Bernie: I have applied the same general approach to lyrics.  I’d play the songline over and over and just write phrases until they start to fit.  I’d thought that this was fairly unique but I’ve since found that its not.  It’s not exactly Bob Dylan ! :-) but then I think even he did that from time to time.

Peter: Sam, you teach music for a living.  How do you escape the tramlines of rock history when composing or teaching others to improvise?

Sam : For me, the quote of Albert Einstein is instructive.  He said something like:  The people who seem like the best geniuses hide their influences the best.  So, at my tender age, my music is a sandwiching of my influences, although you would need to know what those were if you were to dissect a piece into its constituent influences.  If you did not know this information, you may well find something novel in it.  Perhaps novelty arises out of the combination of influences into something new and sublime.

Editor’s note:  Sam will not be able to be at the event as he has a hobby of extreme sports and is jumping out of a plane while we play guitars.  He will be replaced by Vicky Nolan of the rock band “Genital Sparrow”.  Here’s a bit of Sam’s work so you can see what you will miss on this occasion:

On tools for creativity

Peter : Are you aware of any techniques or approaches that assist you in the creative process?

John : I find that listening with new ears is a  very important skill.  For example, I have been listening again to Glenn Miller of late, noticing things that I’d never noticed before.  I think that’s an underrated skill in business.

Steve and Andy : We work in a highly regulated industry (Railways) with a long history.  Nonetheless, we need to constantly look for new ideas in the search for improvement and innovation.   The idea of looking again at old practices in a new way is highly transferable to our environment.  One of our difficulties is the ability to get people to empty their collective minds, due to the long legacy of our industry.  So, getting our people to ‘escape’ from the ‘burden’.  People tend to look towards their seniors or previous solutions which is not always the best way to solve problems.

Hear my train a comin' - Heavy industry meets heavy rock!

Bernie : I can relate to that. Some bands I’ve been in have had a strong hierarchy – basically “it’s my way or the highway”.  Big companies are far more complex, although it’s not as different as you would think.  The core of a band is surrounded by a plethora of people involved and they don’t always act in the bands best interests, so even a band is a what Peter would call a complex adaptive system.

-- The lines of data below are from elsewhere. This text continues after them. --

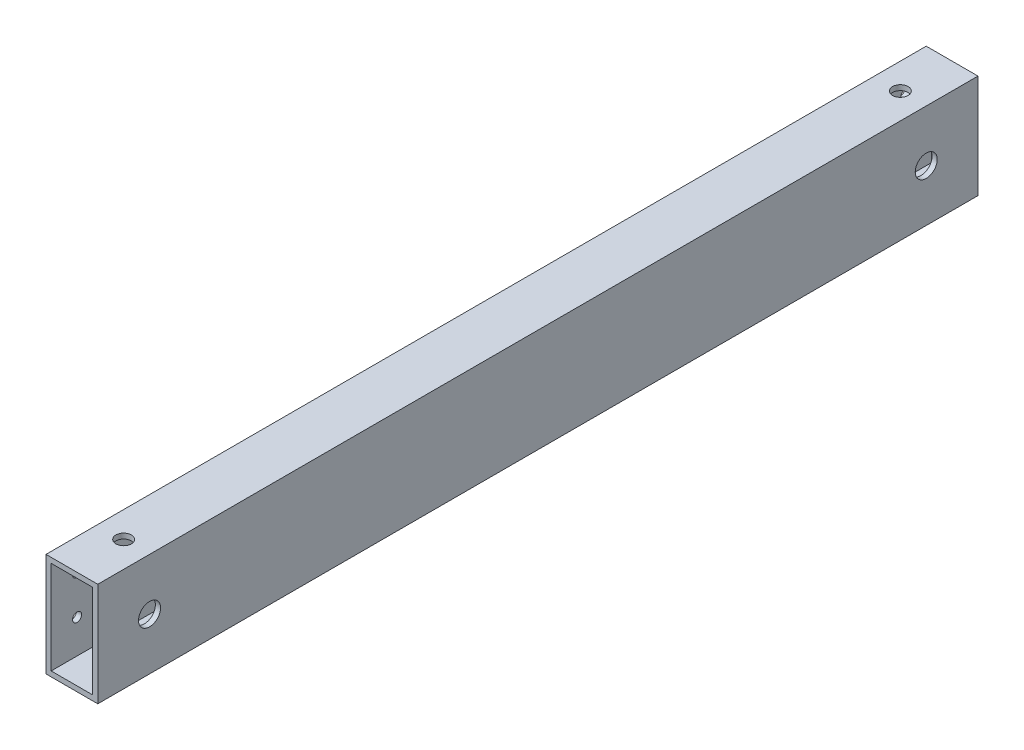
from build123d import *

# Parameters (mm, degrees)
ESBO_O1_W                = 20
ESBO_O1_H                = 40
ESBO_O1_W_2              = 16
ESBO_O1_H_2              = 36
RESSALTO_EXTRUS_O1_DEPTH = 340
ESBO_O2_R                = 1.75
CORTE_EXTRUS_O1_DEPTH    = 2
ESBO_O3_R                = 3
CORTE_EXTRUS_O2_DEPTH    = 2
ESBO_O4_R                = 4.25
CORTE_EXTRUS_O3_DEPTH    = 2


with BuildPart() as part:
    # Esboço1 → Ressalto-extrusão1 (new body)
    with BuildSketch(Plane.XY):
        with Locations((10, 20)):
            Rectangle(ESBO_O1_W, ESBO_O1_H)
        with Locations((10, 20)):
            Rectangle(ESBO_O1_W_2, ESBO_O1_H_2, mode=Mode.SUBTRACT)
    extrude(amount=RESSALTO_EXTRUS_O1_DEPTH)

    # Esboço2 → Corte-extrusão1 (cut)
    with BuildSketch(Plane.ZY):
        with Locations((10, 30)):
            Circle(ESBO_O2_R)
        with Locations((10, 15)):
            Circle(ESBO_O2_R)
        with Locations((70, 15)):
            Circle(ESBO_O2_R)
        with Locations((55, 15)):
            Circle(ESBO_O2_R)
        with Locations(Location((270, 15, 0), (0, 0, 180))):
            Circle(ESBO_O2_R)
        with Locations(Location((285, 15, 0), (0, 0, 180))):
            Circle(ESBO_O2_R)
        with Locations(Location((330, 15, 0), (0, 0, 180))):
            Circle(ESBO_O2_R)
        with Locations(Location((330, 30, 0), (0, 0, 180))):
            Circle(ESBO_O2_R)
    extrude(amount=-CORTE_EXTRUS_O1_DEPTH, mode=Mode.SUBTRACT)

    # Esboço3 → Corte-extrusão2 (cut)
    with BuildSketch(Plane(origin=(0, 40, 0), x_dir=(1, 0, 0), z_dir=(0, 1, 0))):
        with Locations(Location((10, -320, 0), (0, 0, 270))):
            Circle(ESBO_O3_R)
        with Locations(Location((10, -20, 0), (0, 0, 90))):
            Circle(ESBO_O3_R)
    extrude(amount=-CORTE_EXTRUS_O2_DEPTH, mode=Mode.SUBTRACT)

    # Esboço4 → Corte-extrusão3 (cut)
    with BuildSketch(Plane(origin=(20, 0, 0), x_dir=(0, 0, -1), z_dir=(1, 0, 0))):
        with Locations((-320, 20)):
            Circle(ESBO_O4_R)
        with Locations(Location((-20, 20, 0), (0, 0, 180))):
            Circle(ESBO_O4_R)
    extrude(amount=-CORTE_EXTRUS_O3_DEPTH, mode=Mode.SUBTRACT)


solid = part.part

John : Can you (Steve and Andy) comment on the impact of the work we did for the kick off of a major IT project?  Especially in regard to the value of music in that event.

Steve and Andy : Basically, in one day, we achieved as much as we would have done in 3-4 weeks of meetings in terms of developing a cohesive team that can work, learn and play together.

On whole brained musicianship

Peter : Where do you look in your personal search for inspiration re playing an instrument?

Bernie :  Using pure intuition to create and a more intellectual process to judge your work.  It sometimes helps to have a producer to fulfill this job as these two jobs require different sides of the brain – the right hand side for the more intuitive, playful style and the left hand side for judgement and evaluation.  I also love getting my hands on another instrument to shift gears in my thinking and playing.  I had a Sitar for a few years for example.  It only had 4 or so songs in it for me, but I would not have had those songs without it.

Peter: What examples would you point to re an innovative approach to rock music?

Bernie : For me, Jimi Hendrix epitomizes innovation in rock music still.  His willingness to explore sounds that were way beyond those being used by his contemporaries at the time still stands up to scrutiny.  He had a playground approach to using equipment and effects that was totally alien at the time.  If you listen carefully to Hendrix’s playing, you can hear hints of Steve Cropper, in the way in which he put in little fills and subtleties.  He also fused styles in ways that others would not dream of.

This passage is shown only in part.